While I'm sure an enterprise code base could still be an issue and would require even more direction (and opus I wont let touch java, it codes like an enterprise java greybeard who loves to create an interface/factory for everything), I think that's still just a tooling issues.
I'm not of the super pro AI camp, but having followed its development and used it throughout. For the first time I am actual amazed and bothered, and convinced if people dont embrace these tools, they will be left behind. No they dont 10-100x a jr dev, but if someone has proper domain knowledge to direct the agent, performs dual research with it to iron things out with the human actually understanding the problem space, 2-5x seems quite reasonable currently if driven by a capable developer. But this just move the work to review and documentation maintenance/crafting. Which has its own fatigue and is less rewarding for a programmers mind who loves to solve challenges and gets dopamine from it .
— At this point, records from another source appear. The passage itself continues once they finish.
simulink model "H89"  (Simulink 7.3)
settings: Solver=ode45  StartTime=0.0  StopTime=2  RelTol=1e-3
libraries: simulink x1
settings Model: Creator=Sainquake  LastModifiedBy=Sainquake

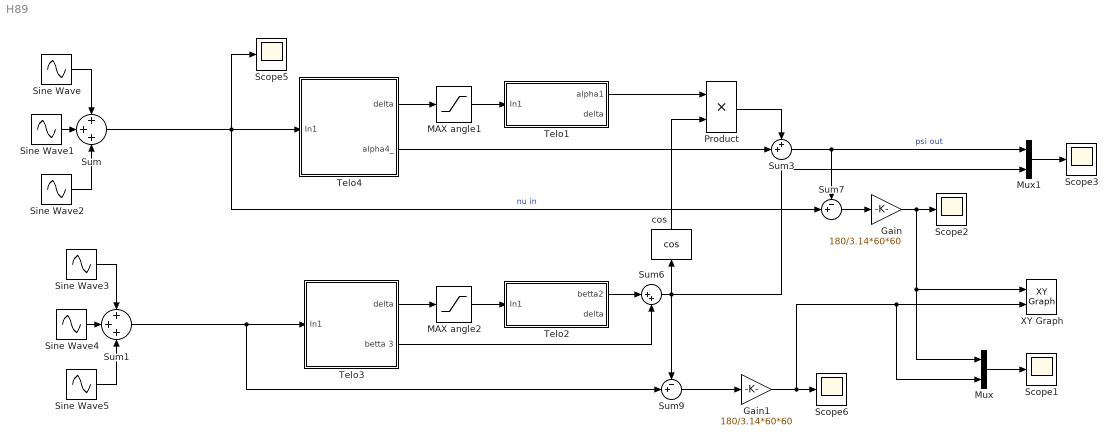
== system H89 ==
  Gain : Gain  Gain=180/3.14*60*60  ParameterDataType=fixdt(1, 16)  ParameterScaling=2^0  OutDataType=fixdt(1, 16)  OutScaling=2^0
  Gain1 : Gain  Gain=180/3.14*60*60  ParameterDataType=fixdt(1, 16)  ParameterScaling=2^0  OutDataType=fixdt(1, 16)  OutScaling=2^0
  MAX angle1 : Saturate  UpperLimit=3/180*3.14  LowerLimit=-3/180*3.14
  MAX angle2 : Saturate  UpperLimit=3/180*3.14  LowerLimit=-3/180*3.14
  Mux : Mux  Inputs=2
  Mux1 : Mux  Inputs=2
  Product : Product  OutDataType=fixdt(1, 16)  OutScaling=2^0  RndMeth=Zero
  Scope{1..3,5..6} (5 alike) : Scope
      Scope1 settings: YMin=-10000  YMax=120000  MaxDataPoints=50000
      Scope2 settings: YMin=25000  YMax=65000  SaveName=ScopeData2  MaxDataPoints=50000
      Scope3 settings: YMin=0.72  YMax=0.835  MaxDataPoints=50000
      Scope5 settings: YMin=-0.375  YMax=0.025  SaveName=ScopeData5  MaxDataPoints=50000
      Scope6 settings: YMin=25000  YMax=65000  SaveName=ScopeData6  MaxDataPoints=50000
  Sine Wave : Sin  Amplitude=0.8  Bias=0  Frequency=1  Phase=0  Samples=10  SampleTime=0  Offset=0
  Sine Wave1 : Sin  Amplitude=1/60  Bias=0  Frequency=2*pi*14  Phase=0  Samples=10  SampleTime=0  Offset=0
  Sine Wave2 : Sin  Amplitude=1/60  Bias=0  Frequency=2*pi*4  Phase=0  Samples=10  SampleTime=0  Offset=0
  Sine Wave3 : Sin  Amplitude=0.8  Bias=0  Frequency=1  Phase=pi/2  Samples=10  SampleTime=0  Offset=0
  Sine Wave4 : Sin  Amplitude=1/60  Bias=0  Frequency=2*pi*14  Phase=pi/2  Samples=10  SampleTime=0  Offset=0
  Sine Wave5 : Sin  Amplitude=1/60  Bias=0  Frequency=2*pi*4  Phase=pi/2  Samples=10  SampleTime=0  Offset=0
  Sum : Sum  Inputs=+++  OutDataType=fixdt(1, 16)  OutScaling=2^0
  Sum1 : Sum  Inputs=+++  OutDataType=fixdt(1, 16)  OutScaling=2^0
  Sum3 : Sum  Inputs=++|  OutDataType=fixdt(1, 16)  OutScaling=2^0
  Sum6 : Sum  Inputs=|++  OutDataType=fixdt(1, 16)  OutScaling=2^0
  Sum7 : Sum  Inputs=-+|  OutDataType=fixdt(1, 16)  OutScaling=2^0
  Sum9 : Sum  Inputs=-+|  OutDataType=fixdt(1, 16)  OutScaling=2^0
  Telo1 : Subsystem
  Telo2 : Subsystem
  Telo3 : Subsystem
  Telo4 : Subsystem
  XY Graph : simulink/Sinks/XY Graph  SystemSampleTime=-1  xmin=-3*1280  xmax=3*1280  ymin=-3*960  ymax=3*960  st=-1
  cos : Trigonometry  Operator=cos
  wires:
  Product/1 -> Sum3/1
  Sum3/1 -> Sum7/1, Mux1/1  "psi out"
  Sum6/1 -> Sum9/1, cos/1, Mux1/2
  Sum7/1 -> Gain/1
  Gain/1 -> Scope2/1, XY Graph/1, Mux/1
  cos/1 -> Product/2
  Sum/1 -> Scope5/1, Sum7/2, Telo4/1(In1)  "nu in"
  MAX angle1/1 -> Telo1/1(In1)
  Sine Wave/1 -> Sum/1
  Sine Wave2/1 -> Sum/3
  Sine Wave1/1 -> Sum/2
  Gain1/1 -> Scope6/1, XY Graph/2, Mux/2
  MAX angle2/1 -> Telo2/1(In1)
  Telo4/1(delta) -> MAX angle1/1
  Telo4/2(alpha4_) -> Sum3/2
  Telo3/1(delta) -> MAX angle2/1
  Telo3/2(betta 3) -> Sum6/2
  Telo1/1(alpha1) -> Product/1
  Telo2/1(betta2) -> Sum6/1
  Sum9/1 -> Gain1/1
  Mux/1 -> Scope1/1
  Mux1/1 -> Scope3/1
  Sum1/1 -> Telo3/1(In1), Sum9/2
  Sine Wave3/1 -> Sum1/1
  Sine Wave5/1 -> Sum1/3
  Sine Wave4/1 -> Sum1/2

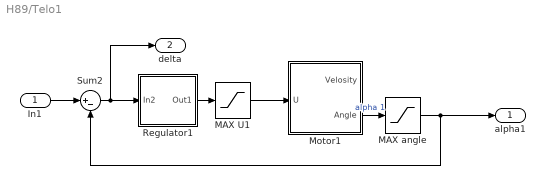
== system H89/Telo1 ==
  In1 : Inport  OutDataType=fixdt(1, 16)  OutScaling=2^0
  MAX U1 : Saturate  UpperLimit=12  LowerLimit=-12
  MAX angle : Saturate  UpperLimit=4/180*3.14  LowerLimit=-4/180*3.14
  Motor1 : Subsystem  TreatAsAtomicUnit=on
  Regulator1 : Subsystem
  Sum2 : Sum  Inputs=|+-  OutDataType=fixdt(1, 16)  OutScaling=2^0
  alpha1 : Outport  OutDataType=fixdt(1, 16)  OutScaling=2^0
  delta : Outport  Port=2  OutDataType=fixdt(1, 16)  OutScaling=2^0
  wires:
  Motor1/2(Angle) -> MAX angle/1  "alpha 1"
  Sum2/1 -> delta/1, Regulator1/1(In2)
  MAX U1/1 -> Motor1/1(U)
  MAX angle/1 -> Sum2/2, alpha1/1
  In1/1 -> Sum2/1
  Regulator1/1(Out1) -> MAX U1/1

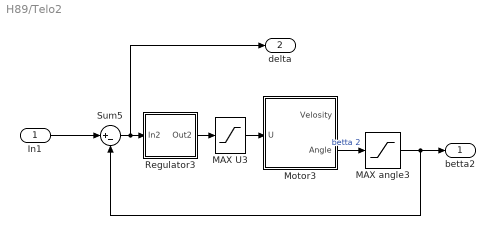
== system H89/Telo2 ==
  In1 : Inport  OutDataType=fixdt(1, 16)  OutScaling=2^0
  MAX U3 : Saturate  UpperLimit=12  LowerLimit=-12
  MAX angle3 : Saturate  UpperLimit=4/180*3.14  LowerLimit=-4/180*3.14
  Motor3 : Subsystem  TreatAsAtomicUnit=on
  Regulator3 : Subsystem
  Sum5 : Sum  Inputs=|+-  OutDataType=fixdt(1, 16)  OutScaling=2^0
  betta2 : Outport  OutDataType=fixdt(1, 16)  OutScaling=2^0
  delta : Outport  Port=2  OutDataType=fixdt(1, 16)  OutScaling=2^0
  wires:
  Sum5/1 -> delta/1, Regulator3/1(In2)
  MAX U3/1 -> Motor3/1(U)
  MAX angle3/1 -> Sum5/2, betta2/1
  Motor3/2(Angle) -> MAX angle3/1  "betta 2"
  In1/1 -> Sum5/1
  Regulator3/1(Out2) -> MAX U3/1

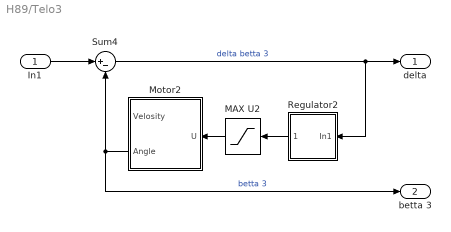
== system H89/Telo3 ==
  In1 : Inport  OutDataType=fixdt(1, 16)  OutScaling=2^0
  MAX U2 : Saturate  UpperLimit=27  LowerLimit=-27
  Motor2 : Subsystem  TreatAsAtomicUnit=on
  Regulator2 : Subsystem
  Sum4 : Sum  Inputs=|+-  OutDataType=fixdt(1, 16)  OutScaling=2^0
  delta : Outport  OutDataType=fixdt(1, 16)  OutScaling=2^0
  betta 3 : Outport  Port=2  OutDataType=fixdt(1, 16)  OutScaling=2^0
  wires:
  Sum4/1 -> delta/1, Regulator2/1(In1)  "delta betta 3"
  Motor2/2(Angle) -> Sum4/2, betta 3/1  "betta 3"
  MAX U2/1 -> Motor2/1(U)
  In1/1 -> Sum4/1
  Regulator2/1(Out1) -> MAX U2/1

== system H89/Telo4 ==
  In1 : Inport  OutDataType=fixdt(1, 16)  OutScaling=2^0
  MAX U : Saturate  UpperLimit=27  LowerLimit=-27
  Motor : Subsystem  TreatAsAtomicUnit=on
  Regulator : Subsystem
  Sum1 : Sum  Inputs=|+-  OutDataType=fixdt(1, 16)  OutScaling=2^0
  delta : Outport  OutDataType=fixdt(1, 16)  OutScaling=2^0
  alpha4_ : Outport  Port=2  OutDataType=fixdt(1, 16)  OutScaling=2^0
  wires:
  Sum1/1 -> delta/1, MAX U/1  "delta alpha 4"
  Motor/2(Angle) -> Sum1/2, alpha4_/1  "alpha 4"
  MAX U/1 -> Motor/1(U)
  In1/1 -> Sum1/1

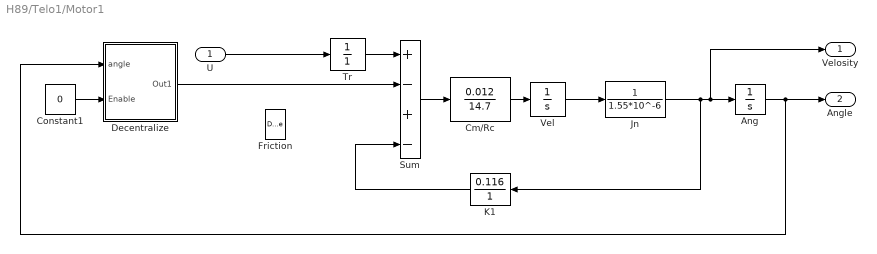
== system H89/Telo1/Motor1 ==
  U : Inport  OutDataType=fixdt(1, 16)  OutScaling=2^0
  Ang : Integrator
  Cm/Rc : TransferFcn  Numerator=[0.012]  Denominator=14.7
  Constant1 : Constant  Value=0  OutDataType=fixdt(1, 16)  OutScaling=2^0
  Decentralize : Subsystem  TreatAsAtomicUnit=on
  Friction : DeadZone  LowerValue=-1.4  UpperValue=1.4  SaturateOnIntegerOverflow=on
  Jn : TransferFcn  Denominator=1.55*10^-6
  K1 : TransferFcn  Numerator=0.116  Denominator=[ 1]
  Sum : Sum  Inputs=+-+-
  Tr : TransferFcn  Numerator=1  Denominator=[ 1 ]
  Vel : Integrator
  Velosity : Outport  OutDataType=fixdt(1, 16)  OutScaling=2^0
  Angle : Outport  Port=2  OutDataType=fixdt(1, 16)  OutScaling=2^0
  wires:
  Sum/1 -> Cm/Rc/1
  Ang/1 -> Decentralize/1(angle), Angle/1
  K1/1 -> Sum/4
  Tr/1 -> Sum/1
  Decentralize/1(Out1) -> Sum/2
  Constant1/1 -> Decentralize/2(Enable)
  Jn/1 -> K1/1, Ang/1, Velosity/1
  Cm/Rc/1 -> Vel/1
  Vel/1 -> Jn/1
  U/1 -> Tr/1

== system H89/Telo1/Regulator1 ==
  In2 : Inport  OutDataType=fixdt(1, 16)  OutScaling=2^0
  Gain1 : Gain  Gain=41  ParameterDataType=fixdt(1, 16)  ParameterScaling=2^0  OutDataType=fixdt(1, 16)  OutScaling=2^0
  Gain2 : Gain  Gain=8100  ParameterDataType=fixdt(1, 16)  ParameterScaling=2^0  OutDataType=fixdt(1, 16)  OutScaling=2^0
  Transfer Fcn : TransferFcn  Numerator=[0.01 1]  Denominator=[0.0001 1]
  Transfer Fcn1 : TransferFcn  Numerator=[0.003 1]  Denominator=[0.00005 1]
  Out1 : Outport  OutDataType=fixdt(1, 16)  OutScaling=2^0
  wires:
  Gain1/1 -> Transfer Fcn/1
  ? -> Gain1/1
  Transfer Fcn/1 -> ?
  Gain2/1 -> Transfer Fcn1/1
  In2/1 -> Gain2/1
  Transfer Fcn1/1 -> Out1/1

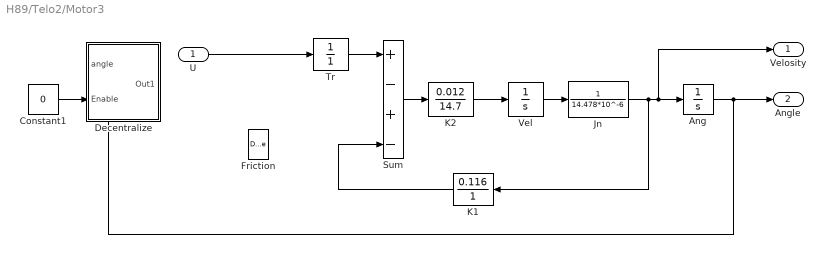
== system H89/Telo2/Motor3 ==
  U : Inport  OutDataType=fixdt(1, 16)  OutScaling=2^0
  Ang : Integrator
  Constant1 : Constant  Value=0  OutDataType=fixdt(1, 16)  OutScaling=2^0
  Decentralize : Subsystem  TreatAsAtomicUnit=on
  Friction : DeadZone  LowerValue=-1.4  UpperValue=1.4  SaturateOnIntegerOverflow=on
  Jn : TransferFcn  Denominator=14.478*10^-6
  K1 : TransferFcn  Numerator=0.116  Denominator=[ 1]
  K2 : TransferFcn  Numerator=0.012  Denominator=14.7
  Sum : Sum  Inputs=+-+-
  Tr : TransferFcn  Numerator=1  Denominator=[ 1 ]
  Vel : Integrator
  Velosity : Outport  OutDataType=fixdt(1, 16)  OutScaling=2^0
  Angle : Outport  Port=2  OutDataType=fixdt(1, 16)  OutScaling=2^0
  wires:
  Sum/1 -> K2/1
  K2/1 -> Vel/1
  Ang/1 -> Decentralize/1(angle), Angle/1
  K1/1 -> Sum/4
  Tr/1 -> Sum/1
  U/1 -> Tr/1
  Constant1/1 -> Decentralize/2(Enable)
  Vel/1 -> Jn/1
  Jn/1 -> K1/1, Ang/1, Velosity/1

== system H89/Telo2/Regulator3 ==
  In2 : Inport  OutDataType=fixdt(1, 16)  OutScaling=2^0
  Gain2 : Gain  Gain=8100  ParameterDataType=fixdt(1, 16)  ParameterScaling=2^0  OutDataType=fixdt(1, 16)  OutScaling=2^0
  Transfer Fcn1 : TransferFcn  Numerator=[0.003 1]  Denominator=[0.00005 1]
  Out2 : Outport  OutDataType=fixdt(1, 16)  OutScaling=2^0
  wires:
  Gain2/1 -> Transfer Fcn1/1
  In2/1 -> Gain2/1
  Transfer Fcn1/1 -> Out2/1

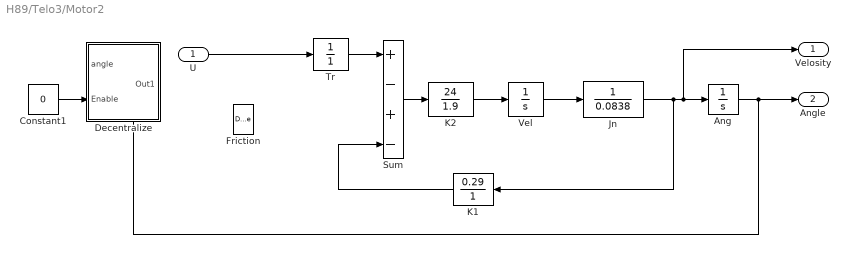
== system H89/Telo3/Motor2 ==
  U : Inport  OutDataType=fixdt(1, 16)  OutScaling=2^0
  Ang : Integrator
  Constant1 : Constant  Value=0  OutDataType=fixdt(1, 16)  OutScaling=2^0
  Decentralize : Subsystem  TreatAsAtomicUnit=on
  Friction : DeadZone  LowerValue=-1.4  UpperValue=1.4  SaturateOnIntegerOverflow=on
  Jn : TransferFcn  Denominator=0.0838
  K1 : TransferFcn  Numerator=0.29  Denominator=[ 1]
  K2 : TransferFcn  Numerator=24  Denominator=1.9
  Sum : Sum  Inputs=+-+-
  Tr : TransferFcn  Numerator=1  Denominator=[ 1 ]
  Vel : Integrator
  Velosity : Outport  OutDataType=fixdt(1, 16)  OutScaling=2^0
  Angle : Outport  Port=2  OutDataType=fixdt(1, 16)  OutScaling=2^0
  wires:
  Sum/1 -> K2/1
  K2/1 -> Vel/1
  Ang/1 -> Decentralize/1(angle), Angle/1
  K1/1 -> Sum/4
  Tr/1 -> Sum/1
  U/1 -> Tr/1
  Constant1/1 -> Decentralize/2(Enable)
  Vel/1 -> Jn/1
  Jn/1 -> K1/1, Ang/1, Velosity/1

== system H89/Telo3/Regulator2 ==
  In1 : Inport  OutDataType=fixdt(1, 16)  OutScaling=2^0
  Gain : Gain  Gain=60  ParameterDataType=fixdt(1, 16)  ParameterScaling=2^0  OutDataType=fixdt(1, 16)  OutScaling=2^0
  Transfer Fcn : TransferFcn  Numerator=[15/60 1]  Denominator=[0.001 1]
  Out1 : Outport  OutDataType=fixdt(1, 16)  OutScaling=2^0
  wires:
  Gain/1 -> Transfer Fcn/1
  In1/1 -> Gain/1
  Transfer Fcn/1 -> Out1/1

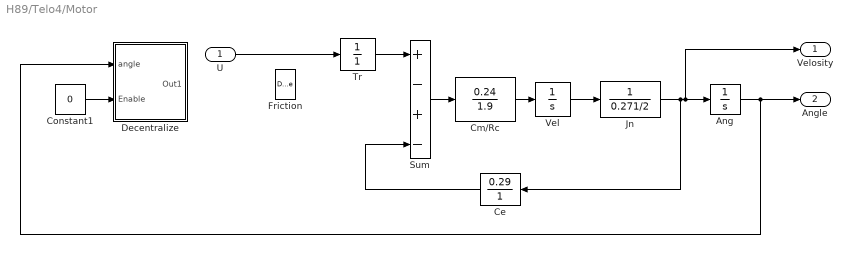
== system H89/Telo4/Motor ==
  U : Inport  OutDataType=fixdt(1, 16)  OutScaling=2^0
  Ang : Integrator
  Ce : TransferFcn  Numerator=[0.29]  Denominator=[ 1]
  Cm/Rc : TransferFcn  Numerator=[0.24]  Denominator=1.9
  Constant1 : Constant  Value=0  OutDataType=fixdt(1, 16)  OutScaling=2^0
  Decentralize : Subsystem  TreatAsAtomicUnit=on
  Friction : DeadZone  LowerValue=-1.4  UpperValue=1.4  SaturateOnIntegerOverflow=on
  Jn : TransferFcn  Denominator=0.271/2
  Sum : Sum  Inputs=+-+-
  Tr : TransferFcn  Denominator=[ 1 ]
  Vel : Integrator
  Velosity : Outport  OutDataType=fixdt(1, 16)  OutScaling=2^0
  Angle : Outport  Port=2  OutDataType=fixdt(1, 16)  OutScaling=2^0
  wires:
  Sum/1 -> Cm/Rc/1
  Cm/Rc/1 -> Vel/1
  Ang/1 -> Decentralize/1(angle), Angle/1
  Ce/1 -> Sum/4
  Tr/1 -> Sum/1
  Constant1/1 -> Decentralize/2(Enable)
  Vel/1 -> Jn/1
  Jn/1 -> Ce/1, Ang/1, Velosity/1
  U/1 -> Tr/1

== system H89/Telo4/Regulator ==
  In1 : Inport  OutDataType=fixdt(1, 16)  OutScaling=2^0
  Gain : Gain  Gain=60  ParameterDataType=fixdt(1, 16)  ParameterScaling=2^0  OutDataType=fixdt(1, 16)  OutScaling=2^0
  Transfer Fcn : TransferFcn  Numerator=[15/60 1]  Denominator=[0.001 1]
  Out1 : Outport  OutDataType=fixdt(1, 16)  OutScaling=2^0
  wires:
  In1/1 -> Gain/1
  Gain/1 -> Transfer Fcn/1
  Transfer Fcn/1 -> Out1/1

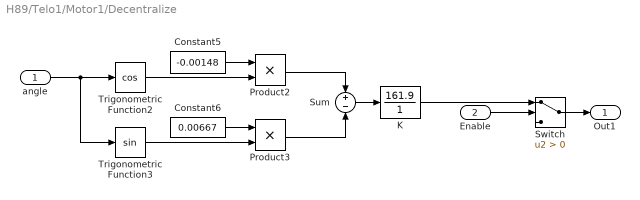
== system H89/Telo1/Motor1/Decentralize ==
  angle : Inport  OutDataType=fixdt(1, 16)  OutScaling=2^0
  Enable : Inport  Port=2  OutDataType=fixdt(1, 16)  OutScaling=2^0
  Constant5 : Constant  Value=-0.00148
  Constant6 : Constant  Value=0.00667
  K : TransferFcn  Numerator=[161.9]  Denominator=[ 1 ]
  Product2 : Product  RndMeth=Zero
  Product3 : Product  RndMeth=Zero
  Sum : Sum  Inputs=+|-  OutDataType=fixdt(1, 16)  OutScaling=2^0
  Switch : Switch  Criteria=u2 > Threshold  OutDataType=fixdt(1, 16)  OutScaling=2^0
  Trigonometric Function2 : Trigonometry  Operator=cos
  Trigonometric Function3 : Trigonometry
  Out1 : Outport  OutDataType=fixdt(1, 16)  OutScaling=2^0
  wires:
  Constant5/1 -> Product2/1
  Trigonometric Function2/1 -> Product2/2
  Constant6/1 -> Product3/1
  Trigonometric Function3/1 -> Product3/2
  Product3/1 -> Sum/2
  Product2/1 -> Sum/1
  Sum/1 -> K/1
  K/1 -> Switch/1
  angle/1 -> Trigonometric Function2/1, Trigonometric Function3/1
  Enable/1 -> Switch/2
  Switch/1 -> Out1/1

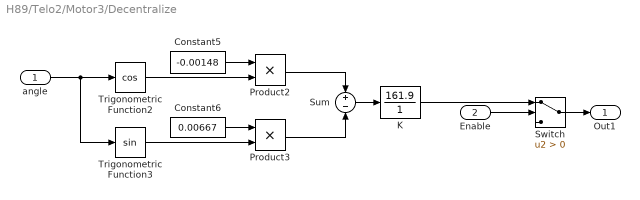
== system H89/Telo2/Motor3/Decentralize ==
  angle : Inport  OutDataType=fixdt(1, 16)  OutScaling=2^0
  Enable : Inport  Port=2  OutDataType=fixdt(1, 16)  OutScaling=2^0
  Constant5 : Constant  Value=-0.00148
  Constant6 : Constant  Value=0.00667
  K : TransferFcn  Numerator=[161.9]  Denominator=[ 1 ]
  Product2 : Product  RndMeth=Zero
  Product3 : Product  RndMeth=Zero
  Sum : Sum  Inputs=+|-  OutDataType=fixdt(1, 16)  OutScaling=2^0
  Switch : Switch  Criteria=u2 > Threshold  OutDataType=fixdt(1, 16)  OutScaling=2^0
  Trigonometric Function2 : Trigonometry  Operator=cos
  Trigonometric Function3 : Trigonometry
  Out1 : Outport  OutDataType=fixdt(1, 16)  OutScaling=2^0
  wires:
  Constant5/1 -> Product2/1
  Trigonometric Function2/1 -> Product2/2
  Constant6/1 -> Product3/1
  Trigonometric Function3/1 -> Product3/2
  Product3/1 -> Sum/2
  Product2/1 -> Sum/1
  Sum/1 -> K/1
  K/1 -> Switch/1
  angle/1 -> Trigonometric Function2/1, Trigonometric Function3/1
  Enable/1 -> Switch/2
  Switch/1 -> Out1/1

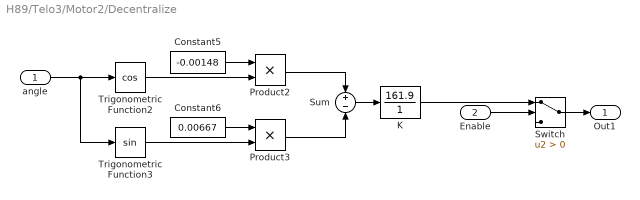
== system H89/Telo3/Motor2/Decentralize ==
  angle : Inport  OutDataType=fixdt(1, 16)  OutScaling=2^0
  Enable : Inport  Port=2  OutDataType=fixdt(1, 16)  OutScaling=2^0
  Constant5 : Constant  Value=-0.00148
  Constant6 : Constant  Value=0.00667
  K : TransferFcn  Numerator=[161.9]  Denominator=[ 1 ]
  Product2 : Product  RndMeth=Zero
  Product3 : Product  RndMeth=Zero
  Sum : Sum  Inputs=+|-  OutDataType=fixdt(1, 16)  OutScaling=2^0
  Switch : Switch  Criteria=u2 > Threshold  OutDataType=fixdt(1, 16)  OutScaling=2^0
  Trigonometric Function2 : Trigonometry  Operator=cos
  Trigonometric Function3 : Trigonometry
  Out1 : Outport  OutDataType=fixdt(1, 16)  OutScaling=2^0
  wires:
  Constant5/1 -> Product2/1
  Trigonometric Function2/1 -> Product2/2
  Constant6/1 -> Product3/1
  Trigonometric Function3/1 -> Product3/2
  Product3/1 -> Sum/2
  Product2/1 -> Sum/1
  Sum/1 -> K/1
  K/1 -> Switch/1
  angle/1 -> Trigonometric Function2/1, Trigonometric Function3/1
  Enable/1 -> Switch/2
  Switch/1 -> Out1/1

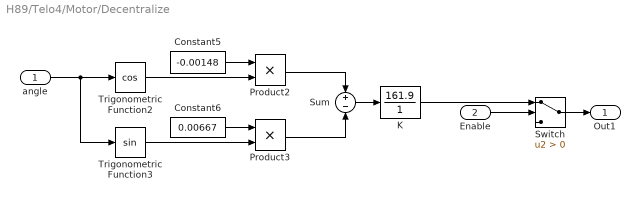
== system H89/Telo4/Motor/Decentralize ==
  angle : Inport  OutDataType=fixdt(1, 16)  OutScaling=2^0
  Enable : Inport  Port=2  OutDataType=fixdt(1, 16)  OutScaling=2^0
  Constant5 : Constant  Value=-0.00148
  Constant6 : Constant  Value=0.00667
  K : TransferFcn  Numerator=[161.9]  Denominator=[ 1 ]
  Product2 : Product  RndMeth=Zero
  Product3 : Product  RndMeth=Zero
  Sum : Sum  Inputs=+|-  OutDataType=fixdt(1, 16)  OutScaling=2^0
  Switch : Switch  Criteria=u2 > Threshold  OutDataType=fixdt(1, 16)  OutScaling=2^0
  Trigonometric Function2 : Trigonometry  Operator=cos
  Trigonometric Function3 : Trigonometry
  Out1 : Outport  OutDataType=fixdt(1, 16)  OutScaling=2^0
  wires:
  Constant5/1 -> Product2/1
  Trigonometric Function2/1 -> Product2/2
  Constant6/1 -> Product3/1
  Trigonometric Function3/1 -> Product3/2
  Product3/1 -> Sum/2
  Product2/1 -> Sum/1
  Sum/1 -> K/1
  K/1 -> Switch/1
  angle/1 -> Trigonometric Function2/1, Trigonometric Function3/1
  Enable/1 -> Switch/2
  Switch/1 -> Out1/1

But given how man people are adverse...I dont think anyone who embraces it is going to have job security issues and be replaced, but here are many capable engineers who might due to their own reservations. I'm amazed by how many intelligent and capable people try llms/agents like a political straw man, there is no reasoning with them. They say vibe coding sucks (it does for anything more than a small throw away that wont be maintained), yet their examples for agents/llm not working is it can't just take a prompt and produce the best code ever and automatically and manifest the knowledge needed to work on their codebase. You still need to put in effort and learn to actually perform the engineering with the tools, but if it doesnt take a paragraph with no AGENTS.md and turn it into a feature or bug fix they are not good to them. Yeah they will get distracted and fuck up, just like if you throw 9/10 developers in the same situation and told them to get to work with no knowledge of the code base or domain and have their pr in by noon.